The main characters in this miniature drama-documentary are Americans. The unspoken message, unsubtly applied, appears to be that it’s the Yanks who are to blame. An overweight and badly-dressed couple, housewife Janie and her truck-driver husband, John, are shown trying to adapt as prices escalate from $85 to $160 dollars a barrel, and a society based on cheap oil comes under stress. First there are queues at petrol stations and then outright shortages. Food prices rise. John loses his job. With the SUV unaffordable, the couple eventually have to resort to wheeling their groceries home in a shopping trolley.
…Support for this geological pessimism is not widespread. Industry consultant and author of “The Prize”, Daniel Yergin is dismissive: “This is the fifth time we’ve run out of oil since the 1880s”. Vaclav Smil, an energy historian, points out that “peak oil” forecasters have a long history of unsuccessful forecasts. In 1979 both BP and the CIA pointed to 1985 as the turning point and in 1990, the UN suggested the coming decade would see the peaking of global oil production.

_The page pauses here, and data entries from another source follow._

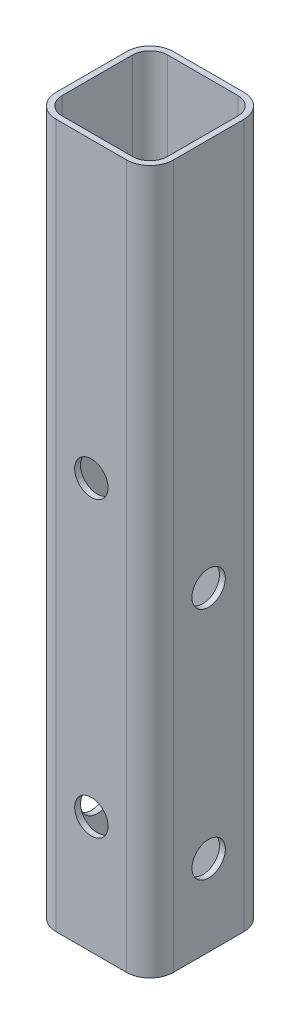
from build123d import *

# Parameters (mm, degrees)
BOSS_EXTRUDE1_DEPTH = 152.4
SKETCH2_R           = 3.6195
CUT_EXTRUDE1_DEPTH  = 26.4
SKETCH3_R           = 3.6195
CUT_EXTRUDE2_DEPTH  = 26.4


with BuildPart() as part:
    # Sketch1 → Boss-Extrude1 (new body)
    with BuildSketch(Plane(origin=(0, 0, 0), x_dir=(1, 0, 0), z_dir=(0, 1, 0))):
        with BuildLine():
            Line((-7.62, 12.7), (7.62, 12.7))
            ThreePointArc((7.62, 12.7), (11.212102448, 11.212102448), (12.7, 7.62))
            Line((12.7, 7.62), (12.7, -7.62))
            ThreePointArc((12.7, -7.62), (11.212102448, -11.212102448), (7.62, -12.7))
            Line((7.62, -12.7), (-7.62, -12.7))
            ThreePointArc((-7.62, -12.7), (-11.212102448, -11.212102448), (-12.7, -7.62))
            Line((-12.7, -7.62), (-12.7, 7.62))
            ThreePointArc((-12.7, 7.62), (-11.212102448, 11.212102448), (-7.62, 12.7))
        make_face()
        with BuildLine():
            Line((-7.62, 11.43), (7.62, 11.43))
            ThreePointArc((7.62, 11.43), (10.314076836, 10.314076836), (11.43, 7.62))
            Line((11.43, 7.62), (11.43, -7.62))
            ThreePointArc((11.43, -7.62), (10.314076836, -10.314076836), (7.62, -11.43))
            Line((7.62, -11.43), (-7.62, -11.43))
            ThreePointArc((-7.62, -11.43), (-10.314076836, -10.314076836), (-11.43, -7.62))
            Line((-11.43, -7.62), (-11.43, 7.62))
            ThreePointArc((-11.43, 7.62), (-10.314076836, 10.314076836), (-7.62, 11.43))
        make_face(mode=Mode.SUBTRACT)
    extrude(amount=BOSS_EXTRUDE1_DEPTH)

    # Sketch2 → Cut-Extrude1 (cut, through all)
    with BuildSketch(Plane.XY.offset(12.7)):
        with Locations((0, 88.9)):
            Circle(SKETCH2_R)
        with Locations((0, 25.4)):
            Circle(SKETCH2_R)
    extrude(amount=-CUT_EXTRUDE1_DEPTH, mode=Mode.SUBTRACT)

    # Sketch3 → Cut-Extrude2 (cut, through all)
    with BuildSketch(Plane.ZY.offset(12.7)):
        with Locations((0, 68.326)):
            Circle(SKETCH3_R)
        with Locations((0, 17.526)):
            Circle(SKETCH3_R)
    extrude(amount=-CUT_EXTRUDE2_DEPTH, mode=Mode.SUBTRACT)


solid = part.part

Even though they might have every incentive to set off a panicked scramble among their customers, major oil companies are similarly sceptical. Two oilmen, David Frowd of Shell and Harry Longwell of ExxonMobil, recently travelled to an Irish peak oil conference to rubbish the theory.
The multilateral agencies are similarly unimpressed. The International Energy Agency is content that supplies are adequate, particularly from “unconventional” oil sources such as those in Canada and Venezuela. The European Commission’s study on energy supply and security in January 2004 also took the optimistic view. The UN Intergovernmental Panel on Climate Change, which provides the scientific foundation for the Kyoto Protocol, also comes under attack from peak oil activists for its estimates of energy reserves.
Peter Nolan is energy and environment director of Irish think-tank the Freedom Institute
(3 June 2006)
To summarize: “Daniel Yergin…. tar sands… IEA … unconventional oil sources … freedom … market-based solutions.”